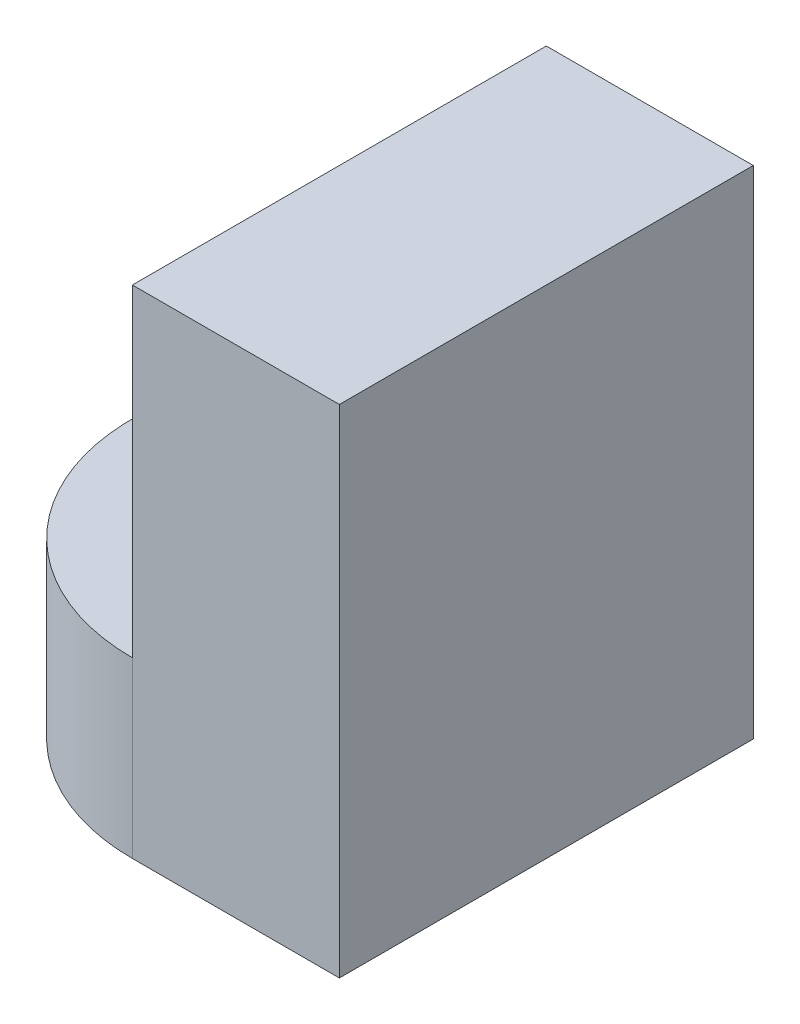
SolidWorks part; units mm, degrees
ref_plane "Front Plane" through (0, 0, 0) normal (0, 0, 1) x (1, 0, 0)
ref_plane "Top Plane" through (0, 0, 0) normal (0, 1, 0) x (1, 0, 0)
ref_plane "Right Plane" through (0, 0, 0) normal (1, 0, 0) x (0, 0, -1)
sketch "Sketch1" plane through (0, 0, 0) normal (0, 1, 0) x (1, 0, 0)
  circle A1 centre (0, 0) radius 2.5
  dimension "D2" = 5
extrude "Boss-Extrude2" add sketch "Sketch1" along normal blind 2.1
ref_plane "Plane1" through (2.5, 0, 0) normal (1, 0, 0) x (0, 0, -1)
sketch "Sketch10" plane through (2.5, 0, 0) normal (1, 0, 0) x (0, 0, -1)
  line L0 (-2.5, 0) -> (-2.5, 6)
  line L1 (-2.5, 0) -> (2.5, 0)
  line L2 (2.5, 0) -> (2.5, 6)
  line L3 (2.5, 6) -> (-2.5, 6)
  dimension "D1" = 6
  dimension "D2" = 5
extrude "Boss-Extrude5" add sketch "Sketch10" against normal blind 2.5
sketch "Sketch11" plane through (0, 0, 0) normal (-1, 0, 0) x (0, 0, 1)
  line L0 (-1.387, 4) -> (1.613, 4)
  arc A0 (1.613, 4) -> (-1.387, 4) centre (0.113, 4) ccw
  dimension "D1" = 1.5
  dimension "D2" = 4
revolve "Cut-Revolve2" cut sketch "Sketch11" angle 360 about L0
sketch "Sketch12" plane through (0, 0, 0) normal (0, -1, 0) x (1, 0, 0)
  circle A0 centre (0, 0) radius 1
  dimension "D1" = 2
extrude "Cut-Extrude1" cut sketch "Sketch12" against normal blind 2

-*-*-

- _Task goal_
Each line from the one containing "line L1 (-2.5, 0) -> (2.5, 0)" to the final line above should be written out exactly; please omit the others.

- _Finished exercise_
  line L1 (-2.5, 0) -> (2.5, 0)
  line L2 (2.5, 0) -> (2.5, 6)
  line L3 (2.5, 6) -> (-2.5, 6)
  dimension "D1" = 6
  dimension "D2" = 5
extrude "Boss-Extrude5" add sketch "Sketch10" against normal blind 2.5
sketch "Sketch11" plane through (0, 0, 0) normal (-1, 0, 0) x (0, 0, 1)
  line L0 (-1.387, 4) -> (1.613, 4)
  arc A0 (1.613, 4) -> (-1.387, 4) centre (0.113, 4) ccw
  dimension "D1" = 1.5
  dimension "D2" = 4
revolve "Cut-Revolve2" cut sketch "Sketch11" angle 360 about L0
sketch "Sketch12" plane through (0, 0, 0) normal (0, -1, 0) x (1, 0, 0)
  circle A0 centre (0, 0) radius 1
  dimension "D1" = 2
extrude "Cut-Extrude1" cut sketch "Sketch12" against normal blind 2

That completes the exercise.